The flowcharts and block diagrams in the Figures illustrate the layout, functionality, and operation of possible implementations of systems, methods, and computer program products according to various embodiments of the present invention. In this regard, each block in the flowchart or block diagrams may represent a module, segment, or portion of code, which includes one or more executable instructions for implementing the specified logical function(s). It should also be noted that, in some alternative implementations, the functions noted in the block may occur out of the order noted in the figures. For example, two blocks shown in succession may, in fact, be executed substantially concurrently, or the blocks may sometimes be executed in the reverse order, depending upon the functionality involved. It will also be noted that each block of the block diagrams and/or flowchart illustration, and combinations of blocks in the block diagrams and/or flowchart illustration, may be implemented by special purpose hardware-based systems that perform the specified functions or acts, or combinations of special purpose hardware and computer instructions.

As used herein, the term “configured,” “configured to” and/or “configured for” may refer to specific-purpose patterns of the component so described. For example, a system or device configured to perform a function may include a computer system or computing device programmed or otherwise modified to perform that specific function. In other cases, program code stored on a computer-readable medium (e.g., storage medium), may be configured to cause at least one computing device to perform functions when that program code is executed on that computing device. In these cases, the arrangement of the program code triggers specific functions in the computing device upon execution. In other examples, a device configured to interact with and/or act upon other components may be specifically shaped and/or designed to effectively interact with and/or act upon those components. In some such circumstances, the device is configured to interact with another component because at least a portion of its shape complements at least a portion of the shape of that other component. In some circumstances, at least a portion of the device is sized to interact with at least a portion of that other component. The physical relationship (e.g., complementary, size-coincident, etc.) between the device and the other component may aid in performing a function, for example, displacement of one or more of the device or other component, engagement of one or more of the device or other component, etc.
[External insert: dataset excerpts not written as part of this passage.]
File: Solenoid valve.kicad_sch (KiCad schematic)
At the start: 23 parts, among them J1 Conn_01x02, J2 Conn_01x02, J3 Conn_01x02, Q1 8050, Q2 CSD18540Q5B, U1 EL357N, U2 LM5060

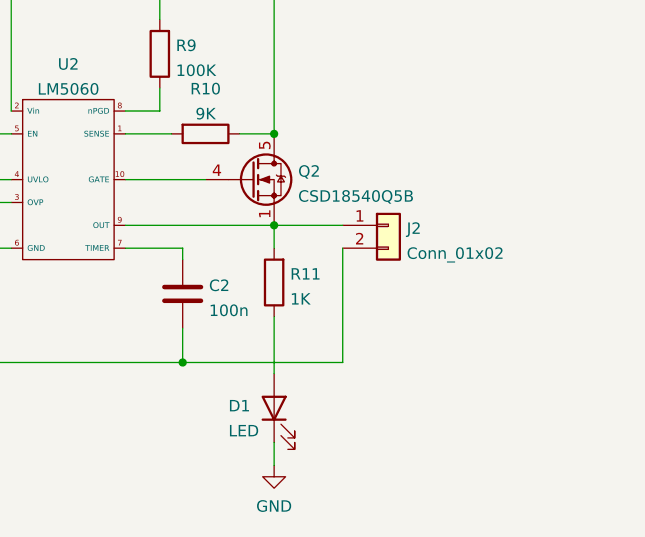
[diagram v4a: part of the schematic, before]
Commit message: Add protection for OUT
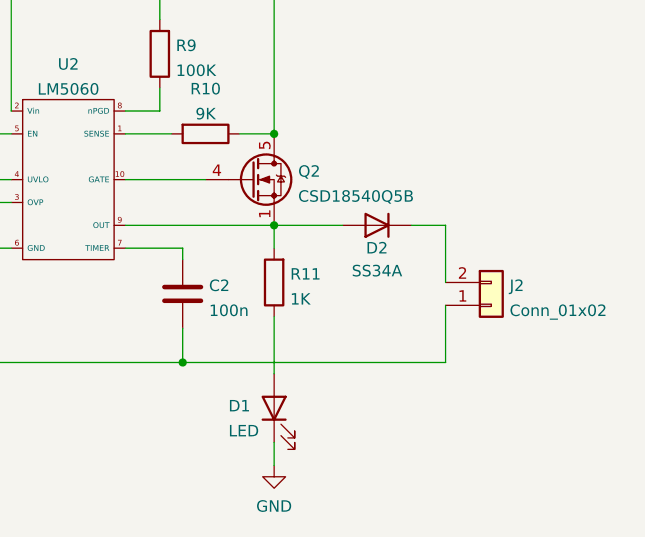
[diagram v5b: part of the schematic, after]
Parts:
- added D2: SS34A, Diode_SMD:D_SMA, symbol Device:D
- D1: footprint Diode_SMD:D_0603_1608Metric -> LED_SMD:LED_0603_1608Metric
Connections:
- net GND: now also J2.1 (Pin_2); no longer J2.2 (Pin_2)
- net at Q2.1 (S), Q2.2 (S), Q2.3 (S)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: now also D2.2 (A); no longer J2.1 (Pin_1)
- new net: D2.1 (K), J2.2 (Pin_1)
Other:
- moved on the sheet: J2
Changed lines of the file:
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@@
+    (stroke (width 0) (type default) (color 0 0 0 0))
+  )
+  (wire (pts (xy 186.69 144.78) (xy 190.5 144.78))
     (stroke (width 0) (type default) (color 0 0 0 0))
   )
@@
     (stroke (width 0) (type default) (color 0 0 0 0))
   )
-  (wire (pts (xy 179.07 147.32) (xy 179.07 160.02))
-    (stroke (width 0) (type default) (color 0 0 0 0))
-  )
   (wire (pts (xy 171.45 105.41) (xy 171.45 101.6))
     (stroke (width 0) (type default) (color 0 0 0 0))
@@
     (stroke (width 0) (type default) (color 0 0 0 0))
   )
+  (wire (pts (xy 190.5 144.78) (xy 190.5 151.13))
+    (stroke (width 0) (type default) (color 0 0 0 0))
+  )
   (wire (pts (xy 133.35 139.7) (xy 142.24 139.7))
     (stroke (width 0) (type default) (color 0 0 0 0))
   )
+  (wire (pts (xy 171.45 144.78) (xy 179.07 144.78))
+    (stroke (width 0) (type default) (color 0 0 0 0))
+  )
   (wire (pts (xy 72.39 152.4) (xy 72.39 144.78))
     (stroke (width 0) (type default) (color 0 0 0 0))
@@
     (stroke (width 0) (type default) (color 0 0 0 0))
   )
+  (wire (pts (xy 190.5 153.67) (xy 190.5 160.02))
+    (stroke (width 0) (type default) (color 0 0 0 0))
+  )
   (wire (pts (xy 158.75 115.57) (xy 171.45 115.57))
     (stroke (width 0) (type default) (color 0 0 0 0))
   )
-  (wire (pts (xy 161.29 160.02) (xy 179.07 160.02))
+  (wire (pts (xy 161.29 160.02) (xy 190.5 160.02))
     (stroke (width 0) (type default) (color 0 0 0 0))
   )
   (wire (pts (xy 104.14 160.02) (xy 104.14 163.83))
-    (stroke (width 0) (type default) (color 0 0 0 0))
-  )
-  (wire (pts (xy 171.45 144.78) (xy 179.07 144.78))
     (stroke (width 0) (type default) (color 0 0 0 0))
   )
@@
     (pin "2")
   )
+  (symbol (lib_id "Device:D") (at 182.88 144.78 180) (unit 1)
+    (in_bom yes) (on_board yes)
+    (property "Reference" "D2" (id 0) (at 182.88 147.32 0))
+    (property "Value" "SS34A" (id 1) (at 182.88 149.86 0))
+    (property "Footprint" "Diode_SMD:D_SMA" (id 2) (at 182.88 144.78 0)
+      (effects (font (size 1.27 1.27)) hide)
+    )
+    (property "Datasheet" "~" (id 3) (at 182.88 144.78 0)
+      (effects (font (size 1.27 1.27)) hide)
+    )
+    (pin "1")
+    (pin "2")
+  )
   (symbol (lib_id "power:GND") (at 171.45 171.45 0) (unit 1)
     (in_bom yes) (on_board yes) (fields_autoplaced)
@@
       (effects (font (size 1.27 1.27)) (justify right))
     )
-    (property "Footprint" "Diode_SMD:D_0603_1608Metric" (id 2) (at 171.45 165.1 0)
+    (property "Footprint" "LED_SMD:LED_0603_1608Metric" (id 2) (at 171.45 165.1 0)
       (effects (font (size 1.27 1.27)) hide)
     )
@@
     (pin "2")
   )
-  (symbol (lib_id "Connector_Generic:Conn_01x02") (at 184.15 144.78 0) (unit 1)
-    (in_bom yes) (on_board yes) (fields_autoplaced)
-    (property "Reference" "J2" (id 0) (at 186.182 145.1415 0)
-      (effects (font (size 1.27 1.27)) (justify left))
-    )
-    (property "Value" "Conn_01x02" (id 1) (at 186.182 147.9166 0)
-      (effects (font (size 1.27 1.27)) (justify left))
-    )
-    (property "Footprint" "Connector_AMASS:AMASS_XT30UPB-F_1x02_P5.0mm_Vertical" (id 2) (at 184.15 144.78 0)
-      (effects (font (size 1.27 1.27)) hide)
-    )
-    (property "Datasheet" "~" (id 3) (at 184.15 144.78 0)
+  (symbol (lib_name "Conn_01x02_1") (lib_id "Connector_Generic:Conn_01x02") (at 195.58 151.13 0) (unit 1)
+    (in_bom yes) (on_board yes) (fields_autoplaced)
+    (property "Reference" "J2" (id 0) (at 197.612 151.4915 0)
+      (effects (font (size 1.27 1.27)) (justify left))
+    )
+    (property "Value" "Conn_01x02" (id 1) (at 197.612 154.2666 0)
+      (effects (font (size 1.27 1.27)) (justify left))
+    )
+    (property "Footprint" "Connector_AMASS:AMASS_XT30UPB-F_1x02_P5.0mm_Vertical" (id 2) (at 195.58 148.59 0)
+      (effects (font (size 1.27 1.27)) hide)
+    )
+    (property "Datasheet" "~" (id 3) (at 195.58 151.13 0)
       (effects (font (size 1.27 1.27)) hide)
     )
@@
     )
     (path "/cc716bd0-4abf-43b4-b162-4586fc1a08aa"
-      (reference "D1") (unit 1) (value "LED") (footprint "Diode_SMD:D_0603_1608Metric")
+      (reference "D1") (unit 1) (value "LED") (footprint "LED_SMD:LED_0603_1608Metric")
+    )
+    (path "/5a2e5954-8ae3-4771-b360-5c413b28053d"
+      (reference "D2") (unit 1) (value "SS34A") (footprint "Diode_SMD:D_SMA")
     )
     (path "/dc84a8e7-f98b-48ce-82ce-407eb30f63c7"

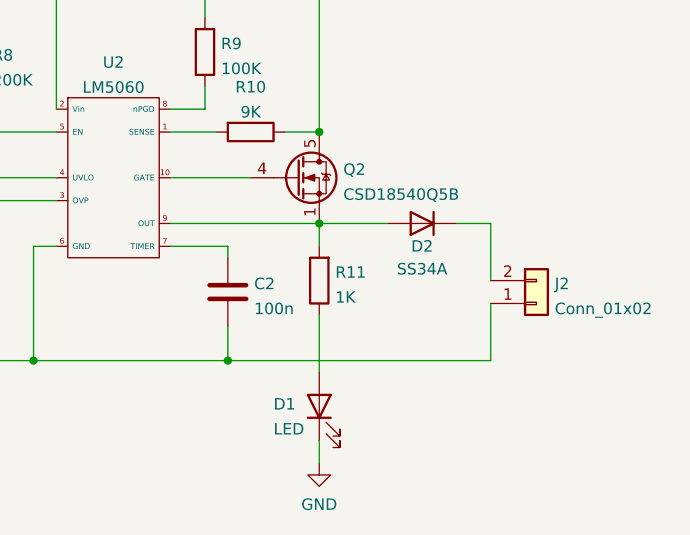
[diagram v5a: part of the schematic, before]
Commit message: Add a mimic ss34a on the top
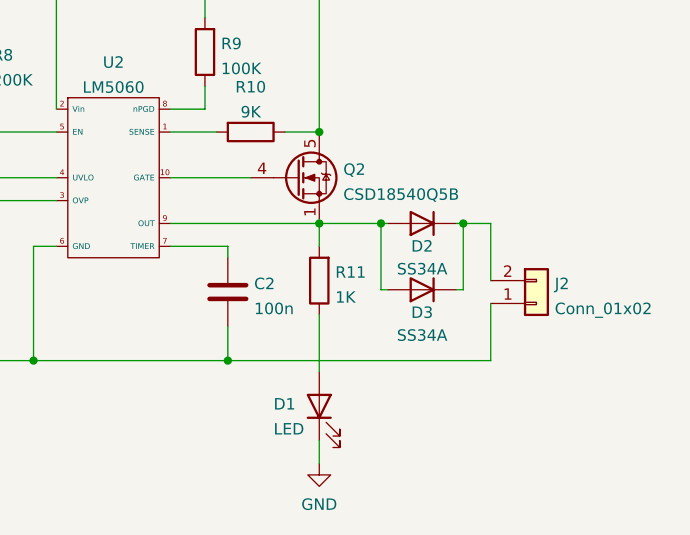
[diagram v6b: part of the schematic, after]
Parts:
- added D3: SS34A, Diode_SMD:D_SMA, symbol Device:D
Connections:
- net at D2.2 (A), Q2.1 (S), Q2.2 (S)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: now also D3.2 (A)
- net at D2.1 (K), J2.2 (Pin_1): now also D3.1 (K)

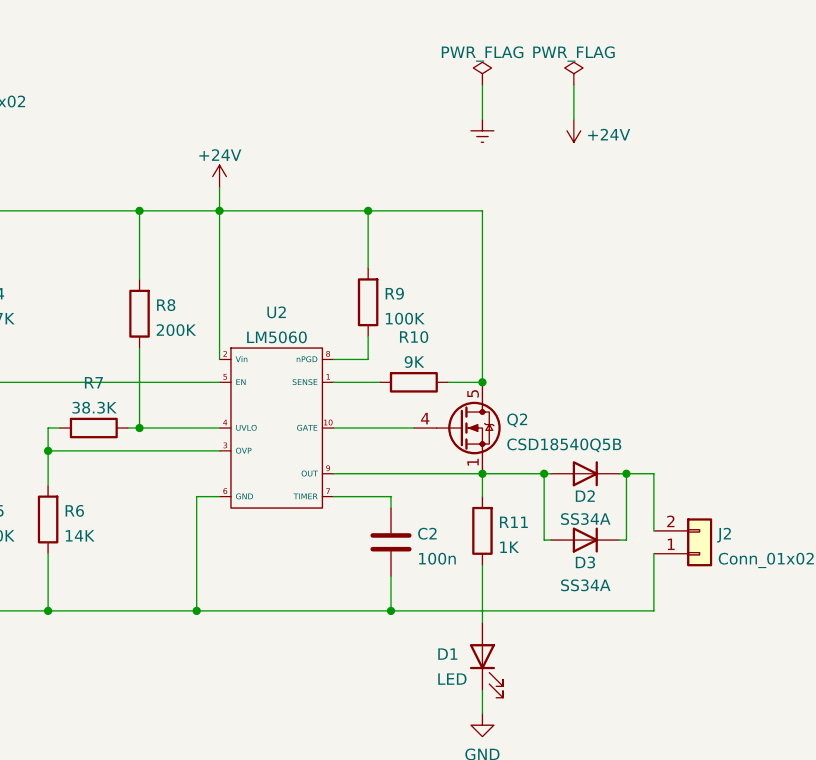
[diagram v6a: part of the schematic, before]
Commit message: Add a 24V voltage regulator diode
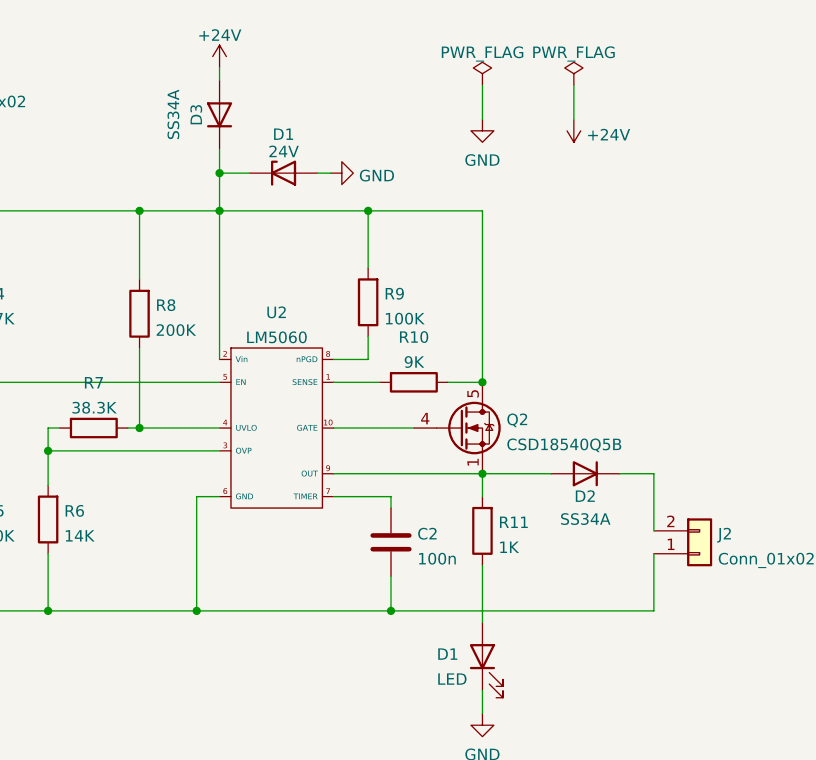
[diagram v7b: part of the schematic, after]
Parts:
- added D1: 24V, Diode_SMD:D_SOD-123, symbol Diode:BZT52Bxx
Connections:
- net +24V: now also D3.2 (A); no longer Q2.5 (D), R1.2, R10.1, R4.2, R8.2, R9.2, U2.2 (Vin)
- net GND: now also D1.2 (A)
- net at D2.2 (A), Q2.1 (S), Q2.2 (S)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: no longer D3.2 (A)
- net at D2.1 (K), J2.2 (Pin_1): no longer D3.1 (K)
- new net: D1.1 (K), D3.1 (K), Q2.5 (D), R1.2, R10.1, R4.2, R8.2, R9.2, U2.2 (Vin)
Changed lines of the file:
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@@
   (junction (at 171.45 144.78) (diameter 0) (color 0 0 0 0)
   )
-  (junction (at 178.308 144.78) (diameter 0) (color 0 0 0 0)
-  )
-  (junction (at 187.452 144.78) (diameter 0) (color 0 0 0 0)
-  )
   (junction (at 87.63 160.02) (diameter 0) (color 0 0 0 0)
   )
@@
   (junction (at 123.19 160.02) (diameter 0) (color 0 0 0 0)
   )
+  (junction (at 142.24 111.379) (diameter 0) (color 0 0 0 0)
+  )
   (wire (pts (xy 133.35 115.57) (xy 142.24 115.57))
     (stroke (width 0) (type default))
@@
     (stroke (width 0) (type default))
   )
-  (wire (pts (xy 142.24 113.03) (xy 142.24 115.57))
+  (wire (pts (xy 145.542 111.379) (xy 142.24 111.379))
     (stroke (width 0) (type default))
   )
@@
     (stroke (width 0) (type default))
   )
+  (wire (pts (xy 142.24 99.695) (xy 142.24 101.092))
+    (stroke (width 0) (type default))
+  )
   (wire (pts (xy 181.61 105.41) (xy 181.61 101.6))
     (stroke (width 0) (type default))
@@
     (stroke (width 0) (type default))
   )
-  (wire (pts (xy 178.308 144.78) (xy 179.07 144.78))
-    (stroke (width 0) (type default))
-  )
   (wire (pts (xy 57.15 157.48) (xy 40.64 157.48))
     (stroke (width 0) (type default))
@@
     (stroke (width 0) (type default))
   )
-  (wire (pts (xy 186.69 144.78) (xy 187.452 144.78))
+  (wire (pts (xy 186.69 144.78) (xy 190.5 144.78))
     (stroke (width 0) (type default))
   )
@@
     (stroke (width 0) (type default))
   )
+  (wire (pts (xy 154.559 111.379) (xy 153.162 111.379))
+    (stroke (width 0) (type default))
+  )
   (wire (pts (xy 161.29 156.21) (xy 161.29 160.02))
     (stroke (width 0) (type default))
@@
     (stroke (width 0) (type default))
   )
-  (wire (pts (xy 179.07 152.146) (xy 178.308 152.146))
-    (stroke (width 0) (type default))
-  )
   (wire (pts (xy 139.7 160.02) (xy 123.19 160.02))
     (stroke (width 0) (type default))
@@
     (stroke (width 0) (type default))
   )
-  (wire (pts (xy 178.308 144.78) (xy 178.308 152.146))
-    (stroke (width 0) (type default))
-  )
   (wire (pts (xy 114.3 134.62) (xy 104.14 134.62))
     (stroke (width 0) (type default))
@@
     (stroke (width 0) (type default))
   )
-  (wire (pts (xy 187.452 152.146) (xy 187.452 144.78))
-    (stroke (width 0) (type default))
-  )
   (wire (pts (xy 114.3 153.67) (xy 114.3 160.02))
     (stroke (width 0) (type default))
@@
     (stroke (width 0) (type default))
   )
+  (wire (pts (xy 142.24 108.712) (xy 142.24 111.379))
+    (stroke (width 0) (type default))
+  )
   (wire (pts (xy 102.87 105.41) (xy 102.87 102.87))
     (stroke (width 0) (type default))
@@
     (stroke (width 0) (type default))
   )
-  (wire (pts (xy 186.69 152.146) (xy 187.452 152.146))
-    (stroke (width 0) (type default))
-  )
   (wire (pts (xy 133.35 115.57) (xy 133.35 123.19))
     (stroke (width 0) (type default))
@@
     (stroke (width 0) (type default))
   )
-  (wire (pts (xy 187.452 144.78) (xy 190.5 144.78))
-    (stroke (width 0) (type default))
-  )
-  (wire (pts (xy 171.45 144.78) (xy 178.308 144.78))
+  (wire (pts (xy 171.45 144.78) (xy 179.07 144.78))
     (stroke (width 0) (type default))
   )
@@
     (stroke (width 0) (type default))
   )
+  (wire (pts (xy 142.24 111.379) (xy 142.24 115.57))
+    (stroke (width 0) (type default))
+  )
   (wire (pts (xy 40.64 157.48) (xy 40.64 156.21))
     (stroke (width 0) (type default))
@@
     )
   )
+  (symbol (lib_id "Diode:BZT52Bxx") (at 149.352 111.379 0) (unit 1)
+    (in_bom yes) (on_board yes) (dnp no) (fields_autoplaced)
+    (property "Reference" "D1" (at 149.352 107.0991 0)
+      (effects (font (size 1.27 1.27)))
+    )
+    (property "Value" "24V" (at 149.352 109.0201 0)
+      (effects (font (size 1.27 1.27)))
+    )
+    (property "Footprint" "Diode_SMD:D_SOD-123" (at 149.352 115.824 0)
+      (effects (font (size 1.27 1.27)) hide)
+    )
+    (property "Datasheet" "https://diotec.com/tl_files/diotec/files/pdf/datasheets/bzt52b2v4.pdf" (at 149.352 111.379 0)
+      (effects (font (size 1.27 1.27)) hide)
+    )
+    (pin "1")
+    (pin "2")
+    (instances
+      (project "NMOS_SWITCH"
+        (path "/4ad7c0a0-4add-45a6-8449-3f0564e8213d"
+          (reference "D1") (unit 1)
+        )
+      )
+      (project "Solenoid valve"
+        (path "/e63e39d7-6ac0-4ffd-8aa3-1841a4541b55"
+          (reference "D4") (unit 1)
+        )
+      )
+    )
+  )
   (symbol (lib_id "power:PWR_FLAG") (at 181.61 101.6 0) (unit 1)
     (in_bom yes) (on_board yes) (dnp no) (fields_autoplaced)
@@
     )
   )
-  (symbol (lib_id "power:Earth") (at 171.45 105.41 0) (unit 1)
-    (in_bom yes) (on_board yes) (dnp no) (fields_autoplaced)
-    (property "Reference" "#PWR05" (at 171.45 111.76 0)
-      (effects (font (size 1.27 1.27)) hide)
-    )
-    (property "Value" "Earth" (at 171.45 109.22 0)
-      (effects (font (size 1.27 1.27)) hide)
-    )
-    (property "Footprint" "" (at 171.45 105.41 0)
-      (effects (font (size 1.27 1.27)) hide)
-    )
-    (property "Datasheet" "~" (at 171.45 105.41 0)
-      (effects (font (size 1.27 1.27)) hide)
-    )
-    (pin "1")
-    (instances
-      (project "Solenoid valve"
-        (path "/e63e39d7-6ac0-4ffd-8aa3-1841a4541b55"
-          (reference "#PWR05") (unit 1)
+  (symbol (lib_id "power:GND") (at 154.559 111.379 90) (unit 1)
+    (in_bom yes) (on_board yes) (dnp no) (fields_autoplaced)
+    (property "Reference" "#PWR03" (at 160.909 111.379 0)
+      (effects (font (size 1.27 1.27)) hide)
+    )
+    (property "Value" "GND" (at 157.734 111.6958 90)
+      (effects (font (size 1.27 1.27)) (justify right))
+    )
+    (property "Footprint" "" (at 154.559 111.379 0)
+      (effects (font (size 1.27 1.27)) hide)
+    )
+    (property "Datasheet" "" (at 154.559 111.379 0)
+      (effects (font (size 1.27 1.27)) hide)
+    )
+    (pin "1")
+    (instances
+      (project "Solenoid valve"
+        (path "/e63e39d7-6ac0-4ffd-8aa3-1841a4541b55"
+          (reference "#PWR03") (unit 1)
         )
       )
@@
     )
   )
-  (symbol (lib_id "power:+24V") (at 142.24 113.03 0) (unit 1)
-    (in_bom yes) (on_board yes) (dnp no) (fields_autoplaced)
-    (property "Reference" "#PWR0101" (at 142.24 116.84 0)
-      (effects (font (size 1.27 1.27)) hide)
-    )
-    (property "Value" "+24V" (at 142.24 109.4255 0)
-      (effects (font (size 1.27 1.27)))
-    )
-    (property "Footprint" "" (at 142.24 113.03 0)
-      (effects (font (size 1.27 1.27)) hide)
-    )
-    (property "Datasheet" "" (at 142.24 113.03 0)
+  (symbol (lib_id "power:+24V") (at 142.24 99.695 0) (unit 1)
+    (in_bom yes) (on_board yes) (dnp no) (fields_autoplaced)
+    (property "Reference" "#PWR0101" (at 142.24 103.505 0)
+      (effects (font (size 1.27 1.27)) hide)
+    )
+    (property "Value" "+24V" (at 142.24 96.0905 0)
+      (effects (font (size 1.27 1.27)))
+    )
+    (property "Footprint" "" (at 142.24 99.695 0)
+      (effects (font (size 1.27 1.27)) hide)
+    )
+    (property "Datasheet" "" (at 142.24 99.695 0)
       (effects (font (size 1.27 1.27)) hide)
     )
@@
         (path "/e63e39d7-6ac0-4ffd-8aa3-1841a4541b55"
           (reference "#PWR0101") (unit 1)
+        )
+      )
+    )
+  )
+  (symbol (lib_id "power:GND") (at 171.45 105.41 0) (unit 1)
+    (in_bom yes) (on_board yes) (dnp no) (fields_autoplaced)
+    (property "Reference" "#PWR01" (at 171.45 111.76 0)
+      (effects (font (size 1.27 1.27)) hide)
+    )
+    (property "Value" "GND" (at 171.45 109.9725 0)
+      (effects (font (size 1.27 1.27)))
+    )
+    (property "Footprint" "" (at 171.45 105.41 0)
+      (effects (font (size 1.27 1.27)) hide)
+    )
+    (property "Datasheet" "" (at 171.45 105.41 0)
+      (effects (font (size 1.27 1.27)) hide)
+    )
+    (pin "1")
+    (instances
+      (project "Solenoid valve"
+        (path "/e63e39d7-6ac0-4ffd-8aa3-1841a4541b55"
+          (reference "#PWR01") (unit 1)
         )
       )
@@
     )
   )
-  (symbol (lib_id "Device:D") (at 182.88 152.146 180) (unit 1)
-    (in_bom yes) (on_board yes) (dnp no)
-    (property "Reference" "D3" (at 182.88 154.686 0)
-      (effects (font (size 1.27 1.27)))
-    )
-    (property "Value" "SS34A" (at 182.88 157.226 0)
-      (effects (font (size 1.27 1.27)))
-    )
-    (property "Footprint" "Diode_SMD:D_SMA" (at 182.88 152.146 0)
-      (effects (font (size 1.27 1.27)) hide)
-    )
-    (property "Datasheet" "~" (at 182.88 152.146 0)
-      (effects (font (size 1.27 1.27)) hide)
-    )
-    (pin "1")
-    (pin "2")
-    (instances
-      (project "Solenoid valve"
-        (path "/e63e39d7-6ac0-4ffd-8aa3-1841a4541b55"
-          (reference "D3") (unit 1)
-        )
-      )
-    )
-  )
   (symbol (lib_id "power:+24V") (at 102.87 99.06 0) (unit 1)
     (in_bom yes) (on_board yes) (dnp no) (fields_autoplaced)
@@
         )
       )
+    )
+  )
+  (symbol (lib_id "Device:D") (at 142.24 104.902 90) (unit 1)
+    (in_bom yes) (on_board yes) (dnp no)
+    (property "Reference" "D3" (at 139.7 104.902 0)
+      (effects (font (size 1.27 1.27)))
+    )
+    (property "Value" "SS34A" (at 137.16 104.902 0)
+      (effects (font (size 1.27 1.27)))
+    )
+    (property "Footprint" "Diode_SMD:D_SMA" (at 142.24 104.902 0)
+      (effects (font (size 1.27 1.27)) hide)
+    )
+    (property "Datasheet" "~" (at 142.24 104.902 0)
+      (effects (font (size 1.27 1.27)) hide)
+    )
+    (pin "1")
+    (pin "2")
+    (instances
+      (project "Solenoid valve"
+        (path "/e63e39d7-6ac0-4ffd-8aa3-1841a4541b55"
+          (reference "D3") (unit 1)
+        )
+      )

The descriptions of the various embodiments of the present invention have been presented for purposes of illustration but are not intended to be exhaustive or limited to the embodiments disclosed. Many modifications and variations will be apparent to those of ordinary skill in the art without departing from the scope and spirit of the described embodiments. The terminology used herein was chosen to best explain the principles of the embodiments, the practical application or technical improvement over technologies found in the marketplace, or to enable others of ordinary skill in the art to understand the embodiments disclosed herein.